What you should do ▸
Pull out every line below holding the word "Breakout".

====== Data shown ======

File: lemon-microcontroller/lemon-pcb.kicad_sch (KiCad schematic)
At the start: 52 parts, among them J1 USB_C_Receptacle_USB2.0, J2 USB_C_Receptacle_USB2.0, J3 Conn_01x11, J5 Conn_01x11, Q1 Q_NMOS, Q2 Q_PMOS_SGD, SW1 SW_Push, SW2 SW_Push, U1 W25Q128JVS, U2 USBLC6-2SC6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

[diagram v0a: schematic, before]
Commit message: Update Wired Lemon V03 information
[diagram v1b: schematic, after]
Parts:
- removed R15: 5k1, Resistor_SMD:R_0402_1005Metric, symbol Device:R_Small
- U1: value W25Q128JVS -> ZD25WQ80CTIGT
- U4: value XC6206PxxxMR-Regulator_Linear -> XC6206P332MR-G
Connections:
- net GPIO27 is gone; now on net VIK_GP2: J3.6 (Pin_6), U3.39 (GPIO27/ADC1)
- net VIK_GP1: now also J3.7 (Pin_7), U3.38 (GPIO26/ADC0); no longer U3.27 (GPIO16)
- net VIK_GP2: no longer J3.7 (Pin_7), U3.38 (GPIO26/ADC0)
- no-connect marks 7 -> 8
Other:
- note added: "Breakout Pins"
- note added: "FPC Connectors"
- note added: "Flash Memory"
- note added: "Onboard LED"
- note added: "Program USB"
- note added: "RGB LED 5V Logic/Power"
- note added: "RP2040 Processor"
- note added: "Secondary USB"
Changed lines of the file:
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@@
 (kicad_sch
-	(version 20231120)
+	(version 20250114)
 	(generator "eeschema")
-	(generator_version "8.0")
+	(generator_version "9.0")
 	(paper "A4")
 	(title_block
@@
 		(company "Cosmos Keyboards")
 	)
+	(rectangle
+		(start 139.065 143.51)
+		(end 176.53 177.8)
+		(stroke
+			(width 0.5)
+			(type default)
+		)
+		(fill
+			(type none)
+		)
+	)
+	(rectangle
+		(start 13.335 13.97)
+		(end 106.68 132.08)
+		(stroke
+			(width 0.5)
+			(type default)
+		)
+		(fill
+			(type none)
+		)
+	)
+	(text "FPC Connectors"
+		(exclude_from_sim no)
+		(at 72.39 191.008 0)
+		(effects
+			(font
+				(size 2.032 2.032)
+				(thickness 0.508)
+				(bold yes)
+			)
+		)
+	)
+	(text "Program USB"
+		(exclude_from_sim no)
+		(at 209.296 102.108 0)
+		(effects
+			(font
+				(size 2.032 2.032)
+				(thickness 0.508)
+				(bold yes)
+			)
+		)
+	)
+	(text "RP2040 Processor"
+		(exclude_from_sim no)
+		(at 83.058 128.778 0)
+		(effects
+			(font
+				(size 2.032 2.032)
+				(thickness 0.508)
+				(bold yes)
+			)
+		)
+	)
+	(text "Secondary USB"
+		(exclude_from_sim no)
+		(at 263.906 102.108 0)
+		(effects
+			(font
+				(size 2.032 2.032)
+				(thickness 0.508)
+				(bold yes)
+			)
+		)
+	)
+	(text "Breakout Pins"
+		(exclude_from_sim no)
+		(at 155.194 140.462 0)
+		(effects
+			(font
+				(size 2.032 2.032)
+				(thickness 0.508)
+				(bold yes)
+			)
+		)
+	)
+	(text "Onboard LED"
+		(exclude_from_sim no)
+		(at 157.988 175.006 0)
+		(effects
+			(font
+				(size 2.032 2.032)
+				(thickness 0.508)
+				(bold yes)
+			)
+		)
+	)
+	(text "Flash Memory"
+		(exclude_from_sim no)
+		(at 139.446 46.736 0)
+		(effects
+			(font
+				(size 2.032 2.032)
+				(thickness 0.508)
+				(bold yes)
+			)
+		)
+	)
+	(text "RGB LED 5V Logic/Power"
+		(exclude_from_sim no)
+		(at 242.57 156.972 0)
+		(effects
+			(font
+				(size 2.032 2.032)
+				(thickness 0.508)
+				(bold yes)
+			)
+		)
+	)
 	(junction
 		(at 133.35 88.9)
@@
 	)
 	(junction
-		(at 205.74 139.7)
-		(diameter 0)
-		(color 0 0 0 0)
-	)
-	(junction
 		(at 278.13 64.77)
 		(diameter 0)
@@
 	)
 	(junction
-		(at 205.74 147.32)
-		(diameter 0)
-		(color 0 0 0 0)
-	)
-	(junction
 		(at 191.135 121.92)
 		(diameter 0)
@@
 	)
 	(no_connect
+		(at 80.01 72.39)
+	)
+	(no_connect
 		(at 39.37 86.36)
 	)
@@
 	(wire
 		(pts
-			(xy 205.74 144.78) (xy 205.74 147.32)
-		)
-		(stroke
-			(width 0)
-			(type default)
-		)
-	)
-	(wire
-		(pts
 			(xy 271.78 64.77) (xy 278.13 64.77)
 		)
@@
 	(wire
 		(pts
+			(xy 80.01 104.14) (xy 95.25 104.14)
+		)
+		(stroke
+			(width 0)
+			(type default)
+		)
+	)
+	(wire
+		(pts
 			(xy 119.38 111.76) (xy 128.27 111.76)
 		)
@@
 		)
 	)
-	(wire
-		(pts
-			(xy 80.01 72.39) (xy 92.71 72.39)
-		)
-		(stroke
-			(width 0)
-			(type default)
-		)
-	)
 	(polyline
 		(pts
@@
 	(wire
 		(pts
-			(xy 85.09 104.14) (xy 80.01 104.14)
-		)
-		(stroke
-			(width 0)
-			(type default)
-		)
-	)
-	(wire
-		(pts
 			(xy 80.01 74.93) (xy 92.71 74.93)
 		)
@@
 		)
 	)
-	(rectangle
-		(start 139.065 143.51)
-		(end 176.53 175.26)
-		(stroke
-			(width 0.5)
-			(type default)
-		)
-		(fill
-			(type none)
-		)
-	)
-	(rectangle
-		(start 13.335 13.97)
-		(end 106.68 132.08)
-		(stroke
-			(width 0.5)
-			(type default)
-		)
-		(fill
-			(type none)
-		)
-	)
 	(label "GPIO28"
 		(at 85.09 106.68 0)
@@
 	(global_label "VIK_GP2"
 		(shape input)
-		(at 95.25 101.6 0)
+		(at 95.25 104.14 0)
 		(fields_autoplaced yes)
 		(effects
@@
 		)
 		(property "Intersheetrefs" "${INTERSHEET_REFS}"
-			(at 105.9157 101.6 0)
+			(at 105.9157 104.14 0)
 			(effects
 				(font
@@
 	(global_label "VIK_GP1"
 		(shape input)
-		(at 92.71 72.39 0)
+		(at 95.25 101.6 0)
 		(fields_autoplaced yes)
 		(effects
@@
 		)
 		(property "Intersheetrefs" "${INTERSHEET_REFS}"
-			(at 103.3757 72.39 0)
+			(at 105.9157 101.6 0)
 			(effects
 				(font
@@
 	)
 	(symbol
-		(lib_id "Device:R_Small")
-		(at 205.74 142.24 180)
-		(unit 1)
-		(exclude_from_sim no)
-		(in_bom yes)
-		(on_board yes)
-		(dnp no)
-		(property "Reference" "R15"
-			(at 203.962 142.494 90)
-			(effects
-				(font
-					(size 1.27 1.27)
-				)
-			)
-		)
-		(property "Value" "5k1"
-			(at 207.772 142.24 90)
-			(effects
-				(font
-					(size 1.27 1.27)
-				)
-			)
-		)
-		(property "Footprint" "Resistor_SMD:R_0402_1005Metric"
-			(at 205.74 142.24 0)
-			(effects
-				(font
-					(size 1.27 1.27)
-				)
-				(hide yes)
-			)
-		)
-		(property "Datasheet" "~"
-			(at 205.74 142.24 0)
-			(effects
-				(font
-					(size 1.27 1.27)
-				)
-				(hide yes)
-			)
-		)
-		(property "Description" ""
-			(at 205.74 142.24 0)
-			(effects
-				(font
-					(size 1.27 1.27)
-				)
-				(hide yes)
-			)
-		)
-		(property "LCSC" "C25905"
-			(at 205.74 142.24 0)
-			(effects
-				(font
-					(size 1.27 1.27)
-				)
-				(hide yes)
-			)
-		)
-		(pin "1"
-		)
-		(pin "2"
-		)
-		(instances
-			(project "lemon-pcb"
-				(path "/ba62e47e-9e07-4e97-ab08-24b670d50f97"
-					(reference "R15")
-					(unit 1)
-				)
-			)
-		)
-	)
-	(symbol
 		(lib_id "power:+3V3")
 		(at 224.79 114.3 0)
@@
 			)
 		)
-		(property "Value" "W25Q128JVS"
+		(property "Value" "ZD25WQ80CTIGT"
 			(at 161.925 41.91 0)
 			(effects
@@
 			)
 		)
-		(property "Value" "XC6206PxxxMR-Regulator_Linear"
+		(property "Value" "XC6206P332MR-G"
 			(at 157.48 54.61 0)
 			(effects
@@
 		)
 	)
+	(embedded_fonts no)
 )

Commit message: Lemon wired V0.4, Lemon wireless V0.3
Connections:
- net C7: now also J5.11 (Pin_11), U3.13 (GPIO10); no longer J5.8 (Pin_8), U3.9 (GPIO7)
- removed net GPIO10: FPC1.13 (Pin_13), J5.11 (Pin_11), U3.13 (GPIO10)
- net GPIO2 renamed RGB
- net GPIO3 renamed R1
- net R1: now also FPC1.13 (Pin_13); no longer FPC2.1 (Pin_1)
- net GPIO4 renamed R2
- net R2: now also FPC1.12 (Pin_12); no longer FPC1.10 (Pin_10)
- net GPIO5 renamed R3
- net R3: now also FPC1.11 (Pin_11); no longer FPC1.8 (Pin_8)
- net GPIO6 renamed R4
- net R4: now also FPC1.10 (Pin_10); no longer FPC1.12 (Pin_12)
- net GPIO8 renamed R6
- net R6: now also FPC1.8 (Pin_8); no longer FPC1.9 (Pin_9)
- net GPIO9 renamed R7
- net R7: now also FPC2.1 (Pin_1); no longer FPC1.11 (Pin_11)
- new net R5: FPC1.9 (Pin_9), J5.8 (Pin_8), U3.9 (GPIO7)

======

Answer space ▸
- note added: "Breakout Pins"
+	(text "Breakout Pins"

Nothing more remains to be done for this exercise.